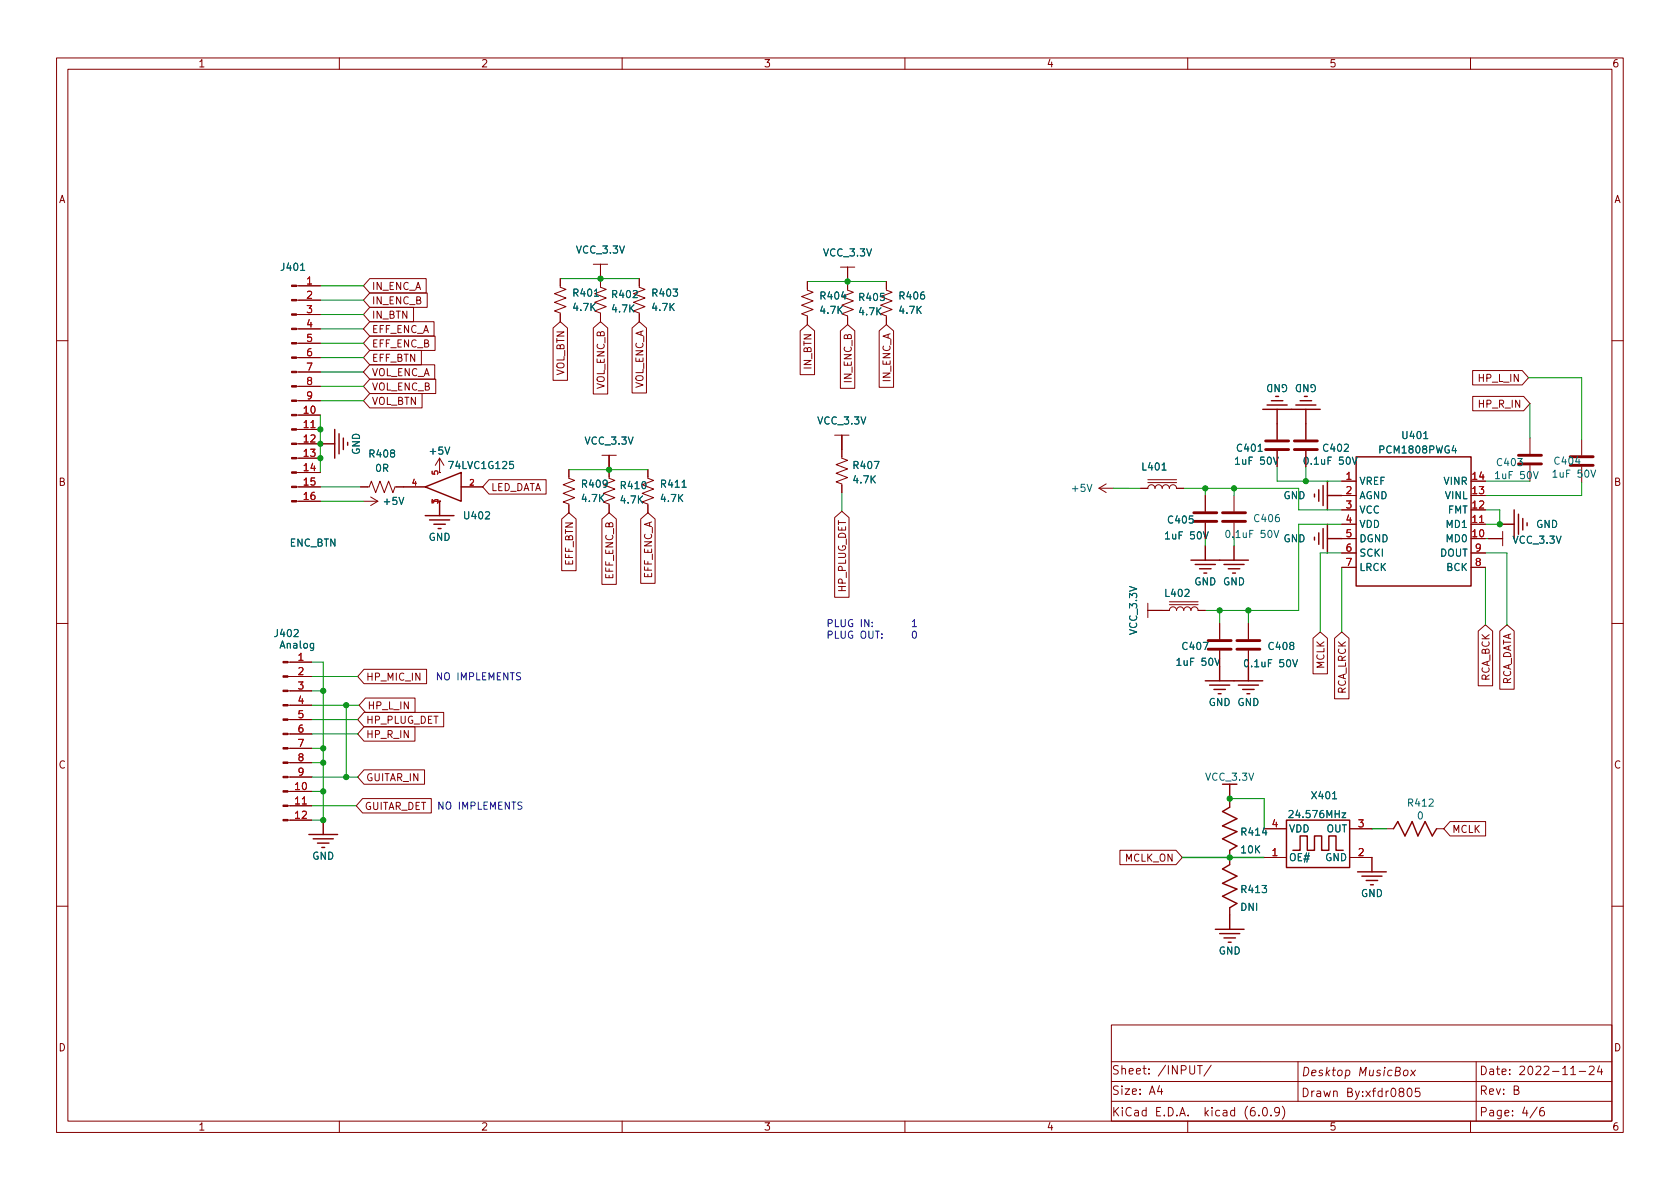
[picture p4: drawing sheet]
<svg xmlns="http://www.w3.org/2000/svg" width="297mm" height="210mm" viewBox="0 0 297 210" stroke-linecap="round" stroke-linejoin="round" font-family="sans-serif">
<g fill="none" stroke="#840000" stroke-width=".18">
<path d="M10 10.2h277v190.1h-277zM12 12.2h273v186.1h-273zM60 10.2v2M110 10.2v2M160 10.2v2M210 10.2v2M260 10.2v2M52.4 58.2h4.2M52.4 55.6h4.2M52.4 53.1h4.2M52.4 50.5h4.2M65.4 51.8h10.1v2.6h-10.1l-1.1-1.3z"/>
<path d="M65.4 49.3h10v2.5h-10l-1.1-1.3zM65.4 56.9h11.3v2.5h-11.3l-1.1-1.2zM65.4 54.3h7.7v2.6h-7.7l-1.1-1.3zM65.4 59.4h11.5v2.6h-11.5l-1.1-1.3zM97.8 58l1.3-1.1 1.2 1.1v9.3h-2.5zM99.1 49.3v1.5l1 .4-2.1 .7 2.1 .8-2.1 .8 2.1 .7-2.1 .8 1.1 .4v1.5M104.9 58l1.3-1.1 1.2 1.1v11.7h-2.5zM104.9 46.7h2.5M106.2 46.7v4.1l1 .4-2 .7 2 .8-2 .8 2 .7-2 .8 1 .4v1.5M111.8 58l1.2-1.1 1.3 1.1v11.5h-2.5zM113 49.3v1.5l1 .4-2 .7 2 .8-2 .8 2 .7-2 .8 1 .4v1.5M141.5 58.5l1.2-1.1 1.3 1.1v7.8h-2.5z"/>
<path d="M142.7 49.8v1.5l1.1 .4-2.1 .7 2.1 .8-2.1 .8 2.1 .7-2.1 .8 1 .4v1.5M148.6 58.5l1.3-1.1 1.2 1.1v10.2h-2.5zM148.6 47.2h2.5M149.9 47.2v4.1l1 .4-2.1 .7 2.1 .8-2.1 .8 2.1 .7-2.1 .8 1.1 .4v1.5M155.4 58.5l1.3-1.1 1.3 1.1v10h-2.6zM156.7 49.8v1.5l1 .4-2 .7 2 .8-2 .8 2 .7-2 .8 1 .4v1.5M10 60.2h2M52.4 78.5h4.2M52.4 75.9h4.2M52.4 73.4h4.2M52.4 70.9h4.2M52.4 68.3h4.2"/>
<path d="M52.4 65.8h4.2M52.4 63.2h4.2M52.4 60.7h4.2M65.4 62h9.1v2.5h-9.1l-1.1-1.3zM65.4 67h11.6v2.6h-11.6l-1.1-1.3zM65.4 69.6h9.2v2.5h-9.2l-1.1-1.2zM65.4 64.5h11.5v2.6h-11.5l-1.1-1.3zM147.6 77h2.5M148.8 77v4l1.1 .4-2.1 .8 2.1 .7-2.1 .8 2.1 .7-2.1 .8 1 .4v1.5M225.8 74.9v2.8M225.8 79.8v2.7M230.9 74.9v2.8"/>
<path d="M230.9 79.8v2.7M260.4 65.5h8.7l1.2 1.3-1.2 1.3h-8.7zM260.4 70.1h9l1.1 1.3-1.1 1.2h-9zM270.5 77.5v2.8M279.7 77.7v2.8M285 60.2h2M52.4 88.6h4.2M52.4 86.1h4.2M52.4 83.6h4.2M52.4 81h4.2M63.8 86.1h1.5l.4-1 .7 2 .8-2 .7 2 .8-2 .8 2 .3-1h5.4M64.3 88.6h2.5"/>
<path d="M65.5 87.9l1.3 .7M66.8 88.6l-1.3 .8M77.7 81l-.7 1.3M77.7 81v2.6M77.7 81l.8 1.3M81.5 86.1h3.8M86.5 84.8h10.1v2.6h-10.1l-1.2-1.3zM99.3 91.8l1.3-1.1 1.3 1.1v9.1h-2.6zM100.6 83.1v1.5l1 .4-2 .7 2 .8-2 .7 2 .8-2 .8 1 .3v1.6M106.4 91.8l1.3-1.1 1.3 1.1v11.5h-2.6zM106.4 80.5h2.6M107.7 80.5v4.1l1 .4-2 .7 2 .8-2 .7 2 .8-2 .8 1 .3v1.6"/>
<path d="M113.3 91.8l1.3-1.1 1.2 1.1v11.4h-2.5zM114.6 83.1v1.5l1 .4-2.1 .7 2.1 .8-2.1 .7 2.1 .8-2.1 .8 1.1 .3v1.6M147.6 91.5l1.2-1.1 1.3 1.1v14.1h-2.5zM194.3 86.3l1.3 .8M194.3 86.3h2.6M195.6 85.6l-1.3 .7M201.7 86.4h1.2a.64 .64 0 0 1 .7-.7 .64 .64 0 0 1 .6 .7 .64 .64 0 0 1 .7-.7 .64 .64 0 0 1 .6 .7 .64 .64 0 0 1 .6-.7 .64 .64 0 0 1 .7 .7 .64 .64 0 0 1 .6-.7 .64 .64 0 0 1 .6 .7h1.3M202.9 85.3h5.1M202.9 84.8h5.1M213.1 87.6v2.8M213.1 92.5v2.7M218.2 87.6v2.8"/>
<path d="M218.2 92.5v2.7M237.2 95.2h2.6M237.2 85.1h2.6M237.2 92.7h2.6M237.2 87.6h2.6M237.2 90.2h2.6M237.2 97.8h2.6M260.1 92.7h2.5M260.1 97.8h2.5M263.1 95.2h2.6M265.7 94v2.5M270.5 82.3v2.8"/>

□ □ □ □

Take the line that contains "79.8v2.7M260.4 65.5h8.7l1.2 1.3-1.2" and each line after it through the end of the records, and repeat them all exactly. Nothing else.

<path d="M230.9 79.8v2.7M260.4 65.5h8.7l1.2 1.3-1.2 1.3h-8.7zM260.4 70.1h9l1.1 1.3-1.1 1.2h-9zM270.5 77.5v2.8M279.7 77.7v2.8M285 60.2h2M52.4 88.6h4.2M52.4 86.1h4.2M52.4 83.6h4.2M52.4 81h4.2M63.8 86.1h1.5l.4-1 .7 2 .8-2 .7 2 .8-2 .8 2 .3-1h5.4M64.3 88.6h2.5"/>
<path d="M65.5 87.9l1.3 .7M66.8 88.6l-1.3 .8M77.7 81l-.7 1.3M77.7 81v2.6M77.7 81l.8 1.3M81.5 86.1h3.8M86.5 84.8h10.1v2.6h-10.1l-1.2-1.3zM99.3 91.8l1.3-1.1 1.3 1.1v9.1h-2.6zM100.6 83.1v1.5l1 .4-2 .7 2 .8-2 .7 2 .8-2 .8 1 .3v1.6M106.4 91.8l1.3-1.1 1.3 1.1v11.5h-2.6zM106.4 80.5h2.6M107.7 80.5v4.1l1 .4-2 .7 2 .8-2 .7 2 .8-2 .8 1 .3v1.6"/>
<path d="M113.3 91.8l1.3-1.1 1.2 1.1v11.4h-2.5zM114.6 83.1v1.5l1 .4-2.1 .7 2.1 .8-2.1 .7 2.1 .8-2.1 .8 1.1 .3v1.6M147.6 91.5l1.2-1.1 1.3 1.1v14.1h-2.5zM194.3 86.3l1.3 .8M194.3 86.3h2.6M195.6 85.6l-1.3 .7M201.7 86.4h1.2a.64 .64 0 0 1 .7-.7 .64 .64 0 0 1 .6 .7 .64 .64 0 0 1 .7-.7 .64 .64 0 0 1 .6 .7 .64 .64 0 0 1 .6-.7 .64 .64 0 0 1 .7 .7 .64 .64 0 0 1 .6-.7 .64 .64 0 0 1 .6 .7h1.3M202.9 85.3h5.1M202.9 84.8h5.1M213.1 87.6v2.8M213.1 92.5v2.7M218.2 87.6v2.8"/>
<path d="M218.2 92.5v2.7M237.2 95.2h2.6M237.2 85.1h2.6M237.2 92.7h2.6M237.2 87.6h2.6M237.2 90.2h2.6M237.2 97.8h2.6M260.1 92.7h2.5M260.1 97.8h2.5M263.1 95.2h2.6M265.7 94v2.5M270.5 82.3v2.8"/>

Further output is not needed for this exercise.